UCITS IV : Un label international source d’opportunités et contraintes pour les sociétés de gestion

La modification de la directive OPCVM va transformer l’industrie de la gestion d’actifs en créant un véritable marché des fonds d’investissement au sein de l’Europe communautaire...

Une modification de la directive OPCVM - dite UCITS (Undertakings for Collective Investment Schemes in Transferable Securities) - a été adoptée en 2009 par le parlement Européen. Cette révision dénommée UCITS IV va transformer sans aucun doute l’industrie de la gestion d’actifs en créant un véritable marché des fonds d’investissement au sein de l’Europe communautaire. Rappelons qu’aujourd’hui, les fonds UCITS représentent près de 80% des fonds domiciliés en Europe pour un encours d’environ 6 000 milliards d’euros à fin 2009. Mais, derrière ce label, se cache une volonté du régulateur de définir une harmonisation des fonds au niveau Européen à travers :

- La mise en place d’un passeport Européen pour les sociétés de gestion mais également pour leurs produits afin de leur offrir la possibilité de commercialiser leurs fonds dans un autre état de l’Union Européenne sans avoir à y créer de société de gestion locale, favorisant ainsi la distribution transfrontalière et la concurrence.

- La forte réduction des coûts en permettant de possibles économies d’échelle par une probable rationalisation des gammes de fonds au niveau européen avec par exemple l’utilisation de schémas de type fonds maitres/nourriciers (ndlr : fonds dont l’actif est investi totalement dans un seul autre fonds appelé "maître")

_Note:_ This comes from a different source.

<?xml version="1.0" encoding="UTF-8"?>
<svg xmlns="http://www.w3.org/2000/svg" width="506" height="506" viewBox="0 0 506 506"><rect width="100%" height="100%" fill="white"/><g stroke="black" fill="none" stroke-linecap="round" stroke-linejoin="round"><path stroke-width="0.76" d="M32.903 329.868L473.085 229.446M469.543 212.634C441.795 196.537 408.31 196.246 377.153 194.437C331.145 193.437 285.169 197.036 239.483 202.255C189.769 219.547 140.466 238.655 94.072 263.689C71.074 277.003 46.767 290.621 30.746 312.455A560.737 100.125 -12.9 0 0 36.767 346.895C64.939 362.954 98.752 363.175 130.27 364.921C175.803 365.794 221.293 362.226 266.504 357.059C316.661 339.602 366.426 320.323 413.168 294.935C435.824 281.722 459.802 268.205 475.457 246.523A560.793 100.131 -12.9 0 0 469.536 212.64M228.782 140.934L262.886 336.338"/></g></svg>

- Une protection renforcée de l’investisseur, comme l’indique Sophie Van Straelen, Présidente de la société de conseils Asterias Limited, formalisée notamment par la mise en place d’un document unique à l’ensemble des pays européens, appelé le KID (« Key Investor Document ») qui offrira une information claire, précise et non trompeuse de la nature du produit offert aux investisseurs.

Il est important de noter que depuis la mise en place de la directive UCITS III, les sociétés de gestion alternative ont la possibilité d’utiliser le label UCITS pour leurs fonds, comme l’indique Louis Zanolin, responsable de la société Suisse Nara Capital. En offrant ainsi transparence, liquidité, régulation et diversification, le format UCITS semble être en effet une réponse adaptée aux nouvelles attentes des investisseurs qui se sont affirmées après la crise de 2008.

Le statut UCITS permet en effet d’offrir un accès simplifié à l’univers alternatif dans le cadre d’un produit liquide. La gestion alternative devient ainsi, accessible aux contrats d’assurance-vie pour les investisseurs privés ou bien encore aux investisseurs jusque-là contraints par la domiciliation exclusivement « offshore » et/ou par la liquidité des hedge funds.

Ce statut a d’ailleurs séduit de nombreuses sociétés de gestion alternative, comme l’indique Thierry Dupont, l’un des deux associés de BDL Capital Management, en prenant l’exemple de leur FCP BDL Rempart Europe, conforme à la directive Européenne UCITS III tout en suivant une stratégie Long/Short Equity sur les actions Européennes.

Si la réplication des hedge funds au format UCITS implique un certain nombre d’adaptations (limitation du levier, interdiction de vente à découvert contournée par l’utilisation de dérivés...), deux contraintes peuvent néanmoins constituer un obstacle :

- L’inéligibilité de certains actifs au format UCITS : titres non cotés, matières premières, immobilier. Ceci peut s’avérer contraignant pour certaines stratégies alternatives (stratégie « managed futures », « commodity », crédit ou encore « distressed ») mais ne constitue pas un élément bloquant pour la majorité d’entre elles.

- L’exigence d’une liquidité au minimum bi-mensuelle : les hedge funds offrent en général une liquidité mensuelle ou trimestrielle. Ce critère est discriminant car de nombreux gérants ne peuvent s’y adapter.